As Lang suggests, my novels are dialogue heavy. While I’m writing, my characters begin to talk to each other and I simply record what they say.  More than once I have reread passages to find I don’t remember thinking up those words at all! Plot development via dialogue is my favorite, which is why I love Shakespeare so much.  Exposition is the most difficult part of a book for me because I think, “Okay, let’s get on with it.” When my characters begin verbal sparring, I love it! And one of my favorite lines in Love’s Destiny is when Emily says to Jonathon, “You make love to me with your words.”
Discussing ideas with friends who read drafts and help with revision is heaven for me.  I get to talk about my writing, and what writer doesn’t love that?  But talking scenes through and getting feedback is more helpful for me than creating a storyboard, which visual writers love.  And I read my draft aloud to myself which is incredibly helpful and leads to much of my revision.
Lang offers “tips and tricks” for each learning style and encourages writers to stretch beyond their comfort levels and try a strategy compatible with a different learning style.  I have to admit that color-coding plot notes is tempting.

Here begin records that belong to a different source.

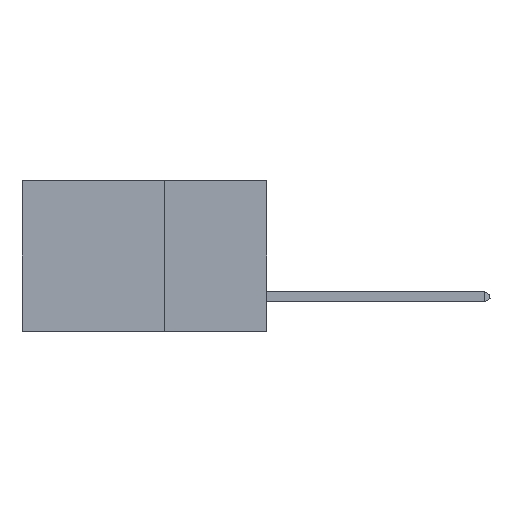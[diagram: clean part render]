
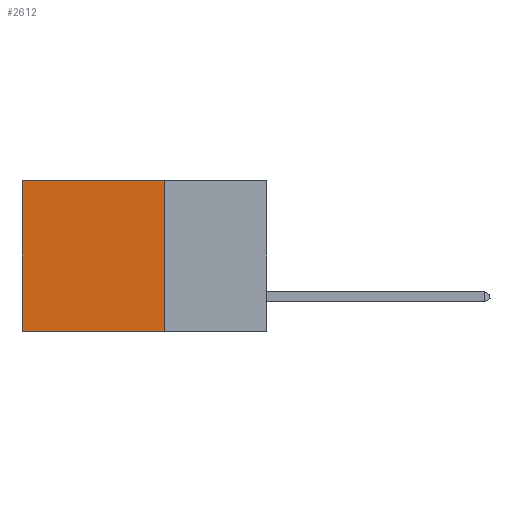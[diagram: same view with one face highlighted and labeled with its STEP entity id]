
A CAD part, left-side view. The second image highlights one B-rep face of the part: STEP entity #2612.
In plain terms, the highlighted planar face has unit normal (-1, 0, 0).
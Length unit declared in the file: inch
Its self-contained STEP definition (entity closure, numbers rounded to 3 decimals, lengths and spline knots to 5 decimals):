
#92 = LINE ( 'NONE', #28489, #27770 ) ;
#700 = VERTEX_POINT ( 'NONE', #23176 ) ;
#1022 = CARTESIAN_POINT ( 'NONE',  ( 0.2875, 0.6, 0. ) ) ;
#1096 = VERTEX_POINT ( 'NONE', #27402 ) ;
#2127 = DIRECTION ( 'NONE',  ( 1., 0., 0. ) ) ;
#2304 = LINE ( 'NONE', #31427, #22027 ) ;
#2612 = ADVANCED_FACE ( 'NONE', ( #10507 ), #26390, .F. ) ;
#3176 = EDGE_CURVE ( 'NONE', #12207, #25411, #25579, .T. ) ;
#10507 = FACE_OUTER_BOUND ( 'NONE', #27235, .T. ) ;
#10976 = VECTOR ( 'NONE', #14333, 39.37008 ) ;
#12172 = DIRECTION ( 'NONE',  ( 0., 1., 0. ) ) ;
#12207 = VERTEX_POINT ( 'NONE', #27606 ) ;
#13529 = LINE ( 'NONE', #1022, #10976 ) ;
#13886 = ORIENTED_EDGE ( 'NONE', *, *, #15631, .T. ) ;
#14333 = DIRECTION ( 'NONE',  ( 0., 0., -1. ) ) ;
#15352 = EDGE_CURVE ( 'NONE', #12207, #1096, #92, .T. ) ;
#15631 = EDGE_CURVE ( 'NONE', #25411, #700, #13529, .T. ) ;
#15664 = CARTESIAN_POINT ( 'NONE',  ( 0.2875, 0.25, 0. ) ) ;
#15704 = CARTESIAN_POINT ( 'NONE',  ( 0.2875, 0.25, 0. ) ) ;
#18114 = DIRECTION ( 'NONE',  ( 0., 0., -1. ) ) ;
#20841 = EDGE_CURVE ( 'NONE', #1096, #700, #2304, .T. ) ;
#21078 = CARTESIAN_POINT ( 'NONE',  ( 0.2875, 0.6, 0. ) ) ;
#21114 = DIRECTION ( 'NONE',  ( 0., 0., -1. ) ) ;
#22027 = VECTOR ( 'NONE', #12172, 39.37008 ) ;
#23176 = CARTESIAN_POINT ( 'NONE',  ( 0.2875, 0.6, -0.37 ) ) ;
#25154 = VECTOR ( 'NONE', #34500, 39.37008 ) ;
#25411 = VERTEX_POINT ( 'NONE', #21078 ) ;
#25579 = LINE ( 'NONE', #15704, #25154 ) ;
#26046 = ORIENTED_EDGE ( 'NONE', *, *, #20841, .F. ) ;
#26390 = PLANE ( 'NONE',  #26666 ) ;
#26666 = AXIS2_PLACEMENT_3D ( 'NONE', #15664, #2127, #21114 ) ;
#27235 = EDGE_LOOP ( 'NONE', ( #13886, #26046, #30071, #29739 ) ) ;
#27402 = CARTESIAN_POINT ( 'NONE',  ( 0.2875, 0.25, -0.37 ) ) ;
#27606 = CARTESIAN_POINT ( 'NONE',  ( 0.2875, 0.25, 0. ) ) ;
#27770 = VECTOR ( 'NONE', #18114, 39.37008 ) ;
#28489 = CARTESIAN_POINT ( 'NONE',  ( 0.2875, 0.25, 0. ) ) ;
#29739 = ORIENTED_EDGE ( 'NONE', *, *, #3176, .T. ) ;
#30071 = ORIENTED_EDGE ( 'NONE', *, *, #15352, .F. ) ;
#31427 = CARTESIAN_POINT ( 'NONE',  ( 0.2875, 0.25, -0.37 ) ) ;
#34500 = DIRECTION ( 'NONE',  ( 0., 1., 0. ) ) ;
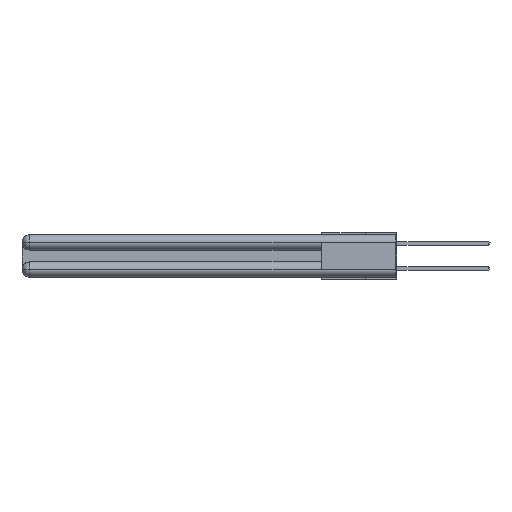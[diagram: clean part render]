
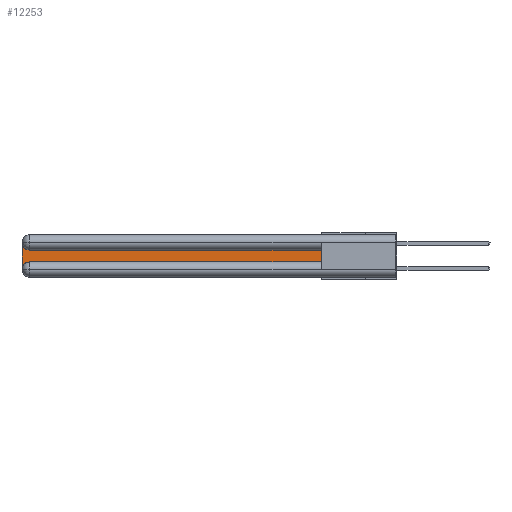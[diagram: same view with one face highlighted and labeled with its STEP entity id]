
A CAD part, left-side view. The second image highlights one B-rep face of the part: STEP entity #12253.
In plain terms, the highlighted planar face has unit normal (-1, 0, 0).
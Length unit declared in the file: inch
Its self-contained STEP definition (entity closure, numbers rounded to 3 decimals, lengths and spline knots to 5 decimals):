
#405 = EDGE_LOOP ( 'NONE', ( #22243, #3066, #12660, #939, #7672, #20283 ) ) ;
#939 = ORIENTED_EDGE ( 'NONE', *, *, #11186, .T. ) ;
#2921 = AXIS2_PLACEMENT_3D ( 'NONE', #18469, #25310, #4808 ) ;
#3066 = ORIENTED_EDGE ( 'NONE', *, *, #10087, .T. ) ;
#3955 = CARTESIAN_POINT ( 'NONE',  ( 0.075, 3., -0.2775 ) ) ;
#4808 = DIRECTION ( 'NONE',  ( 0., 0., -1. ) ) ;
#5435 = CARTESIAN_POINT ( 'NONE',  ( 0.075, 3., -0.0625 ) ) ;
#7194 = PLANE ( 'NONE',  #18399 ) ;
#7321 = CARTESIAN_POINT ( 'NONE',  ( 0.075, 0.6, -0.2175 ) ) ;
#7488 = DIRECTION ( 'NONE',  ( 1., 0., 0. ) ) ;
#7672 = ORIENTED_EDGE ( 'NONE', *, *, #9504, .T. ) ;
#8349 = EDGE_CURVE ( 'NONE', #26385, #11643, #11143, .T. ) ;
#9504 = EDGE_CURVE ( 'NONE', #16442, #23726, #25544, .T. ) ;
#9655 = DIRECTION ( 'NONE',  ( 0., 0., -1. ) ) ;
#10078 = VECTOR ( 'NONE', #16300, 39.37008 ) ;
#10087 = EDGE_CURVE ( 'NONE', #11643, #10655, #25126, .T. ) ;
#10276 = EDGE_CURVE ( 'NONE', #10655, #19549, #21940, .T. ) ;
#10440 = CARTESIAN_POINT ( 'NONE',  ( 0.075, 2.94, -0.0625 ) ) ;
#10655 = VERTEX_POINT ( 'NONE', #5435 ) ;
#11143 = LINE ( 'NONE', #13188, #13648 ) ;
#11186 = EDGE_CURVE ( 'NONE', #19549, #16442, #18308, .T. ) ;
#11643 = VERTEX_POINT ( 'NONE', #25024 ) ;
#12253 = ADVANCED_FACE ( 'NONE', ( #26393 ), #7194, .F. ) ;
#12660 = ORIENTED_EDGE ( 'NONE', *, *, #10276, .T. ) ;
#12751 = DIRECTION ( 'NONE',  ( 1., 0., 0. ) ) ;
#13188 = CARTESIAN_POINT ( 'NONE',  ( 0.075, 0.6, -0.1225 ) ) ;
#13648 = VECTOR ( 'NONE', #17805, 39.37008 ) ;
#14739 = CARTESIAN_POINT ( 'NONE',  ( 0.075, 0.6, -0.1225 ) ) ;
#14857 = EDGE_CURVE ( 'NONE', #23726, #26385, #15074, .T. ) ;
#14983 = DIRECTION ( 'NONE',  ( 0., 0., -1. ) ) ;
#15015 = DIRECTION ( 'NONE',  ( 0., 0., -1. ) ) ;
#15074 = LINE ( 'NONE', #7321, #10078 ) ;
#15484 = AXIS2_PLACEMENT_3D ( 'NONE', #10440, #12751, #15015 ) ;
#16237 = CARTESIAN_POINT ( 'NONE',  ( 0.075, 0.6, -0.2175 ) ) ;
#16300 = DIRECTION ( 'NONE',  ( 0., 0., 1. ) ) ;
#16442 = VERTEX_POINT ( 'NONE', #25789 ) ;
#16614 = VECTOR ( 'NONE', #14983, 39.37008 ) ;
#17805 = DIRECTION ( 'NONE',  ( 0., 1., 0. ) ) ;
#18308 = CIRCLE ( 'NONE', #2921, 0.06 ) ;
#18399 = AXIS2_PLACEMENT_3D ( 'NONE', #23313, #7488, #9655 ) ;
#18469 = CARTESIAN_POINT ( 'NONE',  ( 0.075, 2.94, -0.2775 ) ) ;
#19549 = VERTEX_POINT ( 'NONE', #3955 ) ;
#20283 = ORIENTED_EDGE ( 'NONE', *, *, #14857, .T. ) ;
#21281 = VECTOR ( 'NONE', #23773, 39.37008 ) ;
#21714 = CARTESIAN_POINT ( 'NONE',  ( 0.075, 0.6, -0.2175 ) ) ;
#21940 = LINE ( 'NONE', #24447, #16614 ) ;
#22243 = ORIENTED_EDGE ( 'NONE', *, *, #8349, .T. ) ;
#23313 = CARTESIAN_POINT ( 'NONE',  ( 0.075, 3., -0.1225 ) ) ;
#23726 = VERTEX_POINT ( 'NONE', #16237 ) ;
#23773 = DIRECTION ( 'NONE',  ( 0., -1., 0. ) ) ;
#24447 = CARTESIAN_POINT ( 'NONE',  ( 0.075, 3., -0.2175 ) ) ;
#25024 = CARTESIAN_POINT ( 'NONE',  ( 0.075, 2.94, -0.1225 ) ) ;
#25126 = CIRCLE ( 'NONE', #15484, 0.06 ) ;
#25310 = DIRECTION ( 'NONE',  ( 1., 0., 0. ) ) ;
#25544 = LINE ( 'NONE', #21714, #21281 ) ;
#25789 = CARTESIAN_POINT ( 'NONE',  ( 0.075, 2.94, -0.2175 ) ) ;
#26385 = VERTEX_POINT ( 'NONE', #14739 ) ;
#26393 = FACE_OUTER_BOUND ( 'NONE', #405, .T. ) ;
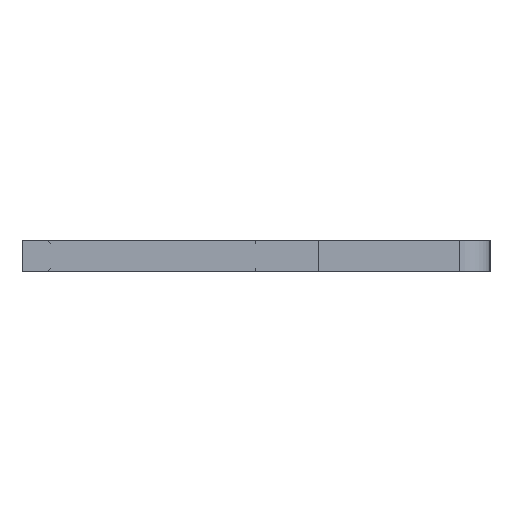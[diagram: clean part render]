
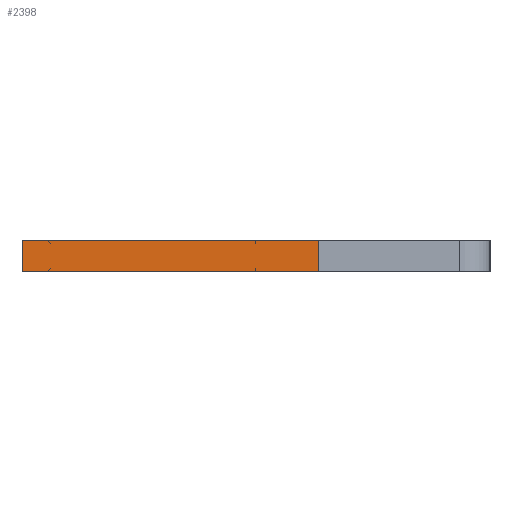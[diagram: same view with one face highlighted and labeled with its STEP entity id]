
A CAD part, left-side view. The second image highlights one B-rep face of the part: STEP entity #2398.
In plain terms, the highlighted face is planar.
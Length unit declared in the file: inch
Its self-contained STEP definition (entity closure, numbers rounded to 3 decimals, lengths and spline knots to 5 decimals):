
#25 = EDGE_CURVE ( 'NONE', #26, #1028, #1244, .T. ) ;
#26 = VERTEX_POINT ( 'NONE', #1856 ) ;
#71 = DIRECTION ( 'NONE',  ( 1., 0., 0. ) ) ;
#168 = EDGE_CURVE ( 'NONE', #2119, #683, #2328, .T. ) ;
#200 = DIRECTION ( 'NONE',  ( -1., 0., 0. ) ) ;
#225 = CARTESIAN_POINT ( 'NONE',  ( 0.01, -0.04, -0.04 ) ) ;
#347 = ORIENTED_EDGE ( 'NONE', *, *, #25, .T. ) ;
#385 = VECTOR ( 'NONE', #1549, 39.37008 ) ;
#491 = PLANE ( 'NONE',  #2700 ) ;
#656 = CARTESIAN_POINT ( 'NONE',  ( 0.01, 0.15, -0.04 ) ) ;
#683 = VERTEX_POINT ( 'NONE', #1876 ) ;
#1028 = VERTEX_POINT ( 'NONE', #2185 ) ;
#1068 = ORIENTED_EDGE ( 'NONE', *, *, #168, .F. ) ;
#1206 = EDGE_LOOP ( 'NONE', ( #1503, #1068, #2516, #347 ) ) ;
#1239 = EDGE_CURVE ( 'NONE', #26, #2119, #2493, .T. ) ;
#1244 = LINE ( 'NONE', #225, #1967 ) ;
#1431 = CARTESIAN_POINT ( 'NONE',  ( 0.01, 0.15, -0.04 ) ) ;
#1503 = ORIENTED_EDGE ( 'NONE', *, *, #2606, .T. ) ;
#1549 = DIRECTION ( 'NONE',  ( 0., 1., 0. ) ) ;
#1582 = DIRECTION ( 'NONE',  ( -1., 0., 0. ) ) ;
#1856 = CARTESIAN_POINT ( 'NONE',  ( 0.01, -0.04, -0.04 ) ) ;
#1876 = CARTESIAN_POINT ( 'NONE',  ( -0.01, 0.15, -0.04 ) ) ;
#1967 = VECTOR ( 'NONE', #200, 39.37008 ) ;
#2119 = VERTEX_POINT ( 'NONE', #656 ) ;
#2140 = CARTESIAN_POINT ( 'NONE',  ( 0.01, 0.15, -0.04 ) ) ;
#2185 = CARTESIAN_POINT ( 'NONE',  ( -0.01, -0.04, -0.04 ) ) ;
#2328 = LINE ( 'NONE', #2140, #2887 ) ;
#2398 = ADVANCED_FACE ( 'NONE', ( #3270 ), #491, .F. ) ;
#2417 = DIRECTION ( 'NONE',  ( 0., 1., 0. ) ) ;
#2493 = LINE ( 'NONE', #2983, #2759 ) ;
#2516 = ORIENTED_EDGE ( 'NONE', *, *, #1239, .F. ) ;
#2606 = EDGE_CURVE ( 'NONE', #1028, #683, #3393, .T. ) ;
#2700 = AXIS2_PLACEMENT_3D ( 'NONE', #1431, #3320, #71 ) ;
#2759 = VECTOR ( 'NONE', #2417, 39.37008 ) ;
#2887 = VECTOR ( 'NONE', #1582, 39.37008 ) ;
#2900 = CARTESIAN_POINT ( 'NONE',  ( -0.01, 0.15, -0.04 ) ) ;
#2983 = CARTESIAN_POINT ( 'NONE',  ( 0.01, 0.15, -0.04 ) ) ;
#3270 = FACE_OUTER_BOUND ( 'NONE', #1206, .T. ) ;
#3320 = DIRECTION ( 'NONE',  ( 0., 0., 1. ) ) ;
#3393 = LINE ( 'NONE', #2900, #385 ) ;

I think I’ll go find those markers I stashed away.

2 thoughts on “My Writing Style

  1. I read the same piece and loved it. I, too, talk to my characters, listen to them talk to each other and am much better at dialog than description.

    All those teachers in grade school who gave me A+ for my reading and writing but black marks for talking too much had no idea I was just writing my next story.